Search code examples
pythonelasticsearchbulkelasticsearch-helpers

elasticsearch create or update document using python


I am using elasticsearch-py for elasticsearch operation.

I am trying for elasticsearch.helpers.bulk to create or update multiple records.

from elasticsearch import Elasticsearch
from elasticsearch import helpers
es = Elasticsearch()

data = [
    {
        "_index": "customer",
        "_type": "external",
        "_op_type": "create",
        "_id": 3,
        "doc" : {"name": "test"}
    },
    {
        "_index": "customer",
        "_type": "external",
        "_op_type": "create",
        "_id": 4,
        "doc" : {"name": "test"}
    },
    {
        "_index": "customer",
        "_type": "external",
        "_op_type": "create",
        "_id": 5,
        "doc" : {"name": "test"}
    },
    {
        "_index": "customer",
        "_type": "external",
        "_op_type": "create",
        "_id": 6,
        "doc" : {"name": "test"}
    },
]


print helpers.bulk(es, data)

Is there any way to perform this operation?
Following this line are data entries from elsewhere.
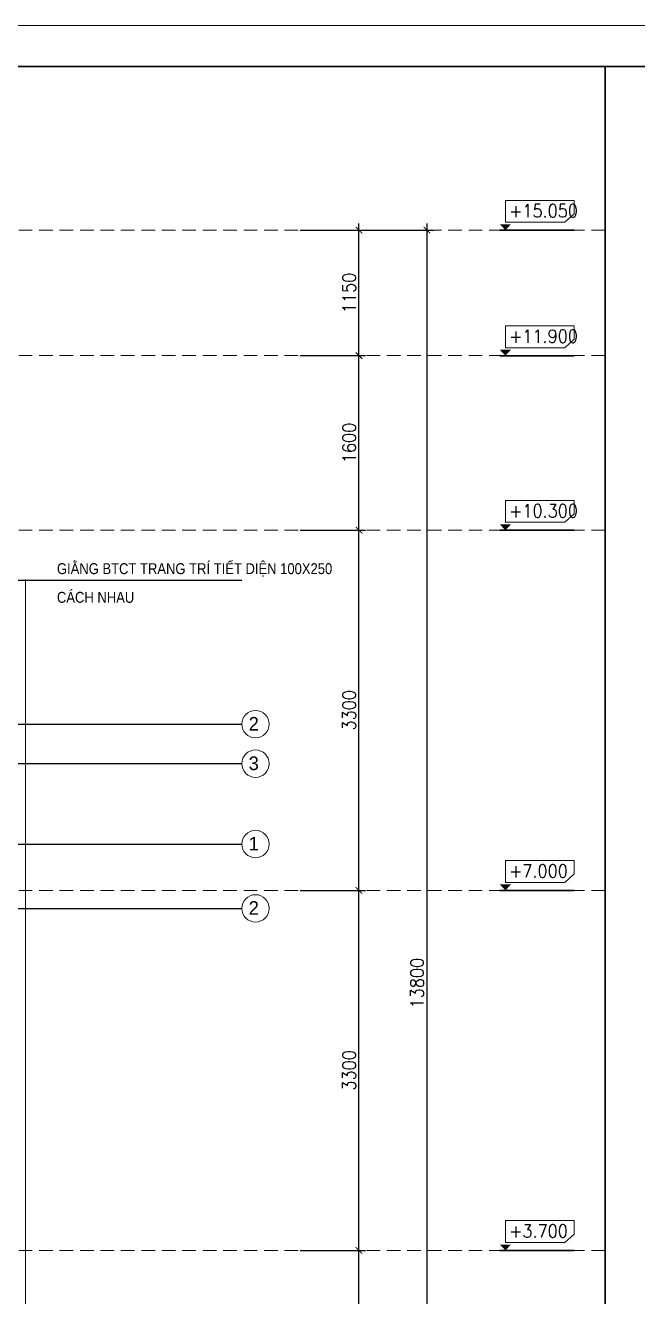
# Model space of a CAD drawing. Header units: millimetres. Extents: x -529782 to -142003, y -492574 to -273331.
# Drawn here: x -176753 to -171141, y -405375 to -393726 of the extents above; entities that cross this region are included whole.
import ezdxf

# ---------------------------------------------------------------- set-up
doc = ezdxf.new("R2010")
doc.units = ezdxf.units.MM
doc.header["$LTSCALE"] = 500
doc.header["$MEASUREMENT"] = 0
doc.header["$PDMODE"] = 3
doc.linetypes.add('HIDDEN', pattern=[0.375, 0.25, -0.125])
doc.layers.get('0').update_dxf_attribs({"linetype": 'CONTINUOUS', "lineweight": 13})
doc.layers.get('Defpoints').update_dxf_attribs({"color": 255, "linetype": 'CONTINUOUS', "lineweight": 13})
for name, color, linetype, lineweight in [('1.cat 30', 30, 'CONTINUOUS', 35), ('2.thay 145', 145, 'CONTINUOUS', 18), ('3.manh 08', 8, 'CONTINUOUS', 9), ('4.dim 08', 8, 'CONTINUOUS', 13), ('6.khuat 75', 75, 'HIDDEN', 18), ('9.text \xad white', 7, 'CONTINUOUS', 15), ('CA.thay 145', 145, 'CONTINUOUS', 18)]:
    doc.layers.add(name, color=color, linetype=linetype, lineweight=lineweight)
doc.styles.add('CA.JSC1', font='')
doc.styles.get("Standard").update_dxf_attribs({"font": 'txt.shx', "width": 0.9})
doc.styles.get('CA.JSC1').set_extended_font_data('.VnAvantH')
doc.dimstyles.new('CA 50', dxfattribs={"dimscale": 0, "dimtxt": 100, "dimasz": 50, "dimexe": 50, "dimexo": 0, "dimgap": 25, "dimtad": 1, "dimdec": 0, "dimzin": 0, "dimdsep": 46, "dimtxsty": 'Standard', "dimblk": 'ARCHTICK', "dimcen": 0.09, "dimdle": 50, "dimclrd": 256, "dimclre": 256, "dimclrt": 7, "dimadec": 0, "dimazin": 0, "dimtfac": 1, "dimtdec": 0, "dimtix": 1, "dimtmove": 2, "dimatfit": 3, "dimldrblk": 'DOT', "dimfxl": 1, "dimtolj": 1, "dimtzin": 0, "dimarcsym": 0})
doc.dimstyles.new('CA 60', dxfattribs={"dimscale": 0, "dimtxt": 120, "dimasz": 60, "dimexe": 60, "dimexo": 0, "dimgap": 30, "dimtad": 1, "dimdec": 0, "dimzin": 0, "dimdsep": 46, "dimtxsty": 'Standard', "dimblk": 'ARCHTICK', "dimcen": 0.09, "dimdle": 60, "dimclrd": 256, "dimclre": 256, "dimclrt": 7, "dimadec": 0, "dimazin": 0, "dimtfac": 1, "dimtdec": 0, "dimtix": 1, "dimtmove": 2, "dimatfit": 3, "dimldrblk": 'DOT', "dimfxl": 1, "dimtolj": 1, "dimtzin": 0, "dimarcsym": 0})

# ---------------------------------------------------------------- blocks, each defined once
blk = doc.blocks.new('khung co loan')
at = {"layer": '1.cat 30'}
blk.add_lwpolyline([(1158.3, -14553.5), (1158.3, -303.5), (20658.3, -303.5), (20658.3, -14553.5)], close=True, dxfattribs=at)
blk.add_lwpolyline([(18298.1, -303.5), (18298.1, -14553.5)], dxfattribs=at)
at = {"layer": '3.manh 08'}
blk.add_lwpolyline([(0, -14850), (21000, -14850), (21000, 0), (0, 0)], close=True, dxfattribs=at)
blk = doc.blocks.new('ki hieu cost')
at = {"layer": '1.cat 30'}
blk.add_line((-119313, -196390), (-118176, -196390), dxfattribs=at)
at = {"layer": '3.manh 08'}
blk.add_lwpolyline([(-119227, -195934), (-119227, -196268), (-118320, -196268), (-118176, -196139), (-118176, -195934)], close=True, dxfattribs=at)
blk.add_solid([(-119313, -196299), (-119142, -196299), (-119227, -196390)], dxfattribs=at)
blk = doc.blocks.new('_ArchTick')
at = {"color": 1, "linetype": 'ByBlock', "const_width": 0.15}
blk.add_lwpolyline([(-0.5, -0.5), (0.5, 0.5)], dxfattribs=at)
blk = doc.blocks.new('*D276')
at = {"layer": '4.dim 08', "lineweight": -2, "transparency": 16777216}
for p, q in [((-173695, -408712), (-173695, -404892)), ((-174233, -404952), (-173635, -404952)), ((-174233, -408652), (-173635, -408652))]:
    blk.add_line(p, q, dxfattribs=at)
at = {"layer": 'Defpoints', "color": 0, "transparency": 16777216}
for p in [(-174233, -404952), (-173695, -404952), (-174233, -408652)]:
    blk.add_point(p, dxfattribs=at)
at = {"layer": '4.dim 08', "lineweight": -2, "transparency": 16777216, "xscale": 60, "yscale": 60, "zscale": 60}
for p, rotation in [((-173695, -404952), 90), ((-173695, -408652), 270)]:
    blk.add_blockref('_ArchTick', p, dxfattribs=dict(at, rotation=rotation))
at = {"layer": '4.dim 08', "color": 7, "transparency": 16777216, "insert": (-173785, -406802), "char_height": 120, "attachment_point": 5, "rotation": 90}
blk.add_mtext('\\A1;3700', dxfattribs=at)
blk = doc.blocks.new('_DOT')
at = {"color": 1, "linetype": 'ByBlock'}
blk.add_line((-0.5, 0), (-1, 0), dxfattribs=at)
at = {"color": 1, "linetype": 'ByBlock', "const_width": 0.5}
blk.add_lwpolyline([(-0.25, 0, 1), (0.25, 0, 1)], format="xyb", close=True, dxfattribs=at)
blk = doc.blocks.new('*D277')
at = {"layer": '4.dim 08', "lineweight": -2, "transparency": 16777216}
for p, q in [((-174233, -401652), (-173635, -401652)), ((-173695, -405012), (-173695, -401592)), ((-174233, -404952), (-173635, -404952))]:
    blk.add_line(p, q, dxfattribs=at)
at = {"layer": 'Defpoints', "color": 0, "transparency": 16777216}
for p in [(-174233, -401652), (-173695, -401652), (-174233, -404952)]:
    blk.add_point(p, dxfattribs=at)
at = {"layer": '4.dim 08', "lineweight": -2, "transparency": 16777216, "xscale": 60, "yscale": 60, "zscale": 60}
for p, rotation in [((-173695, -401652), 90), ((-173695, -404952), 270)]:
    blk.add_blockref('_ArchTick', p, dxfattribs=dict(at, rotation=rotation))
at = {"layer": '4.dim 08', "color": 7, "transparency": 16777216, "insert": (-173785, -403302), "char_height": 120, "attachment_point": 5, "rotation": 90}
blk.add_mtext('\\A1;3300', dxfattribs=at)
blk = doc.blocks.new('*D278')
at = {"layer": '4.dim 08', "lineweight": -2, "transparency": 16777216}
for p, q in [((-174233, -398352), (-173635, -398352)), ((-173695, -401712), (-173695, -398292)), ((-174233, -401652), (-173635, -401652))]:
    blk.add_line(p, q, dxfattribs=at)
at = {"layer": 'Defpoints', "color": 0, "transparency": 16777216}
for p in [(-174233, -398352), (-173695, -398352), (-174233, -401652)]:
    blk.add_point(p, dxfattribs=at)
at = {"layer": '4.dim 08', "lineweight": -2, "transparency": 16777216, "xscale": 60, "yscale": 60, "zscale": 60}
for p, rotation in [((-173695, -398352), 90), ((-173695, -401652), 270)]:
    blk.add_blockref('_ArchTick', p, dxfattribs=dict(at, rotation=rotation))
at = {"layer": '4.dim 08', "color": 7, "transparency": 16777216, "insert": (-173785, -400002), "char_height": 120, "attachment_point": 5, "rotation": 90}
blk.add_mtext('\\A1;3300', dxfattribs=at)
blk = doc.blocks.new('*D279')
at = {"layer": '4.dim 08', "lineweight": -2, "transparency": 16777216}
for p, q in [((-174233, -396752), (-173635, -396752)), ((-173695, -398412), (-173695, -396692)), ((-174233, -398352), (-173635, -398352))]:
    blk.add_line(p, q, dxfattribs=at)
at = {"layer": 'Defpoints', "color": 0, "transparency": 16777216}
for p in [(-174233, -396752), (-173695, -396752), (-174233, -398352)]:
    blk.add_point(p, dxfattribs=at)
at = {"layer": '4.dim 08', "lineweight": -2, "transparency": 16777216, "xscale": 60, "yscale": 60, "zscale": 60}
for p, rotation in [((-173695, -396752), 90), ((-173695, -398352), 270)]:
    blk.add_blockref('_ArchTick', p, dxfattribs=dict(at, rotation=rotation))
at = {"layer": '4.dim 08', "color": 7, "transparency": 16777216, "insert": (-173785, -397552), "char_height": 120, "attachment_point": 5, "rotation": 90}
blk.add_mtext('\\A1;1600', dxfattribs=at)
blk = doc.blocks.new('*D280')
at = {"layer": '4.dim 08', "lineweight": -2, "transparency": 16777216}
for p, q in [((-173695, -396812), (-173695, -395542)), ((-174233, -395602), (-173635, -395602)), ((-174233, -396752), (-173635, -396752))]:
    blk.add_line(p, q, dxfattribs=at)
at = {"layer": 'Defpoints', "color": 0, "transparency": 16777216}
for p in [(-174233, -395602), (-173695, -395602), (-174233, -396752)]:
    blk.add_point(p, dxfattribs=at)
at = {"layer": '4.dim 08', "lineweight": -2, "transparency": 16777216, "xscale": 60, "yscale": 60, "zscale": 60}
for p, rotation in [((-173695, -395602), 90), ((-173695, -396752), 270)]:
    blk.add_blockref('_ArchTick', p, dxfattribs=dict(at, rotation=rotation))
at = {"layer": '4.dim 08', "color": 7, "transparency": 16777216, "insert": (-173785, -396177), "char_height": 120, "attachment_point": 5, "rotation": 90}
blk.add_mtext('\\A1;1150', dxfattribs=at)
blk = doc.blocks.new('*D281')
at = {"layer": '4.dim 08', "lineweight": -2, "transparency": 16777216}
for p, q in [((-173072, -395542), (-173072, -409462)), ((-174233, -395602), (-173012, -395602)), ((-174233, -409402), (-173012, -409402))]:
    blk.add_line(p, q, dxfattribs=at)
at = {"layer": 'Defpoints', "color": 0, "transparency": 16777216}
for p in [(-174233, -395602), (-174233, -409402), (-173072, -409402)]:
    blk.add_point(p, dxfattribs=at)
at = {"layer": '4.dim 08', "lineweight": -2, "transparency": 16777216, "xscale": 60, "yscale": 60, "zscale": 60}
for p, rotation in [((-173072, -395602), 90), ((-173072, -409402), 270)]:
    blk.add_blockref('_ArchTick', p, dxfattribs=dict(at, rotation=rotation))
at = {"layer": '4.dim 08', "color": 7, "transparency": 16777216, "insert": (-173162, -402502), "char_height": 120, "attachment_point": 5, "rotation": 90}
blk.add_mtext('\\A1;13800', dxfattribs=at)

msp = doc.modelspace()

# ---------------------------------------------------------------- linework, layer by layer
at = {"layer": '2.thay 145'}
for centre in [(-174643.3, -400129.1), (-174643.3, -400491), (-174643.3, -401227.4), (-174643.3, -401817.1)]:
    msp.add_circle(centre, 125.4, dxfattribs=at)
at = {"layer": '6.khuat 75'}
for p, q in [((-171439.4, -395602), (-192725.7, -395602)), ((-171439.4, -396752), (-192725.7, -396752)), ((-171439.4, -398352), (-192725.7, -398352)), ((-171439.4, -401652), (-192725.7, -401652)), ((-171439.4, -404952), (-192725.7, -404952))]:
    msp.add_line(p, q, dxfattribs=at)
at = {"layer": 'CA.thay 145', "color": 33}
msp.add_line((-176752.6, -409402), (-176752.6, -398803.2), dxfattribs=at)

# ---------------------------------------------------------------- block references
at = {"layer": '2.thay 145'}
for name, p, xscale, yscale, zscale in [('khung co loan', (-194164.2, -393725.8), 1.241924691043096, 1.241924691072199, 1.241924691059295), ('ki hieu cost', (-100816.4, -277768.3), 0.6000000000058208, 0.6000000000058208, 0.6000000000000001), ('ki hieu cost', (-100816.4, -278918.2), 0.6000000000058208, 0.6000000000058208, 0.6000000000000001), ('ki hieu cost', (-100816.4, -280518.3), 0.6000000000058208, 0.6000000000058208, 0.6000000000000001), ('ki hieu cost', (-100816.4, -283818.3), 0.6000000000058208, 0.6000000000058208, 0.6000000000000001), ('ki hieu cost', (-100816.4, -287118.3), 0.6000000000058208, 0.6000000000058208, 0.6000000000000001)]:
    msp.add_blockref(name, p, dxfattribs=dict(at, xscale=xscale, yscale=yscale, zscale=zscale))

# ---------------------------------------------------------------- texts
at = {"layer": '9.text \xad white', "style": 'CA.JSC1', "width": 0.891294}
for s, p in [('gi»ng btct trang trÝ tiÕt diÖn 100x250 ', (-176463.5, -398754.1)), ('c¸ch nhau ', (-176463.5, -399016.9))]:
    msp.add_text(s, height=100, dxfattribs=at).set_placement(p)
at = {"layer": '9.text \xad white', "style": 'CA.JSC1'}
for s, p in [('2', (-174706.1, -400188.4)), ('3', (-174706.1, -400550.2)), ('1', (-174706.1, -401286.6)), ('2', (-174706.1, -401876.3))]:
    msp.add_text(s, height=125, dxfattribs=at).set_placement(p)
at = {"layer": '9.text \xad white', "lineweight": 100, "char_height": 120, "width": 546.9, "attachment_point": 1}
for s, insert in [('+15.050', (-172317.3, -395364.1)), ('+11.900', (-172317.3, -396514.1)), ('+10.300', (-172317.3, -398114.1)), ('+7.000', (-172317.3, -401414.1)), ('+3.700', (-172317.3, -404714.1))]:
    msp.add_mtext(s, dxfattribs=dict(at, insert=insert))

# ---------------------------------------------------------------- dimensions: what is measured, and where the dimension line sits
at = {"layer": '4.dim 08'}
for base, p1, p2, picture, middle in [((-173694.7, -395602), (-174233.2, -396752), (-174233.2, -395602), '*D280', (-173784.7, -396177)), ((-173072.2, -409402), (-174233.2, -395602), (-174233.2, -409402), '*D281', (-173162.2, -402502)), ((-173694.7, -396752), (-174233.2, -398352), (-174233.2, -396752), '*D279', (-173784.7, -397552)), ((-173694.7, -398352), (-174233.2, -401652), (-174233.2, -398352), '*D278', (-173784.7, -400002)), ((-173694.7, -401652), (-174233.2, -404952), (-174233.2, -401652), '*D277', (-173784.7, -403302)), ((-173694.7, -404952), (-174233.2, -408652), (-174233.2, -404952), '*D276', (-173784.7, -406802))]:
    dim = msp.add_linear_dim(base=base, p1=p1, p2=p2, angle=90, dimstyle='CA 60', override={"dimscale": 1}, dxfattribs=at)
    dim.commit()
    dim.dimension.update_dxf_attribs({"geometry": picture, "text_midpoint": middle})

# ---------------------------------------------------------------- leaders
for points in [[(-179240.2, -398810.9), (-174767.3, -398810.9)], [(-179214.7, -400129.1), (-174768.7, -400129.1)], [(-178828.3, -400491), (-174768.7, -400491)], [(-176970.1, -401227.4), (-174768.7, -401227.4)], [(-177594.2, -401817.1), (-174768.7, -401817.1)]]:
    msp.add_leader(points, dimstyle='CA 50', override={"dimscale": 1, "dimtad": 0}, dxfattribs=at)

doc.saveas('drawing.dxf')

Now we can give only _op_type as create or update. If we give update and record is not exist, then it will raise error.

Traceback (most recent call last):
  File "/tmp/test.py", line 37, in <module>
    print helpers.bulk(es, data)
  File "/local/lib/python2.7/site-packages/elasticsearch/helpers/__init__.py", line 182, in bulk
    for ok, item in streaming_bulk(client, actions, **kwargs):
  File "/local/lib/python2.7/site-packages/elasticsearch/helpers/__init__.py", line 155, in streaming_bulk
    raise BulkIndexError('%i document(s) failed to index.' % len(errors), errors)
elasticsearch.helpers.BulkIndexError: ('4 document(s) failed to index.', [{u'update': {u'status': 404, u'_type': u'external', u'_id': u'3', u'error': u'DocumentMissingException[[customer][-1] [external][3]: document missing]', u'_index': u'customer'}}, {u'update': {u'status': 404, u'_type': u'external', u'_id': u'4', u'error': u'DocumentMissingException[[customer][-1] [external][4]: document missing]', u'_index': u'customer'}}, {u'update': {u'status': 404, u'_type': u'external', u'_id': u'5', u'error': u'DocumentMissingException[[customer][-1] [external][5]: document missing]', u'_index': u'customer'}}, {u'update': {u'status': 404, u'_type': u'external', u'_id': u'6', u'error': u'DocumentMissingException[[customer][-1] [external][6]: document missing]', u'_index': u'customer'}}])

Solution

  • According to the _bulk endpoint documentation, you can and should use the index action for this, provided your documents always have the same identifiers.

    create is useful when creating documents the first time, and update is more meant for doing partial and/or scripted updates.

    You can also not specify any _op_type at all and index will be taken by default.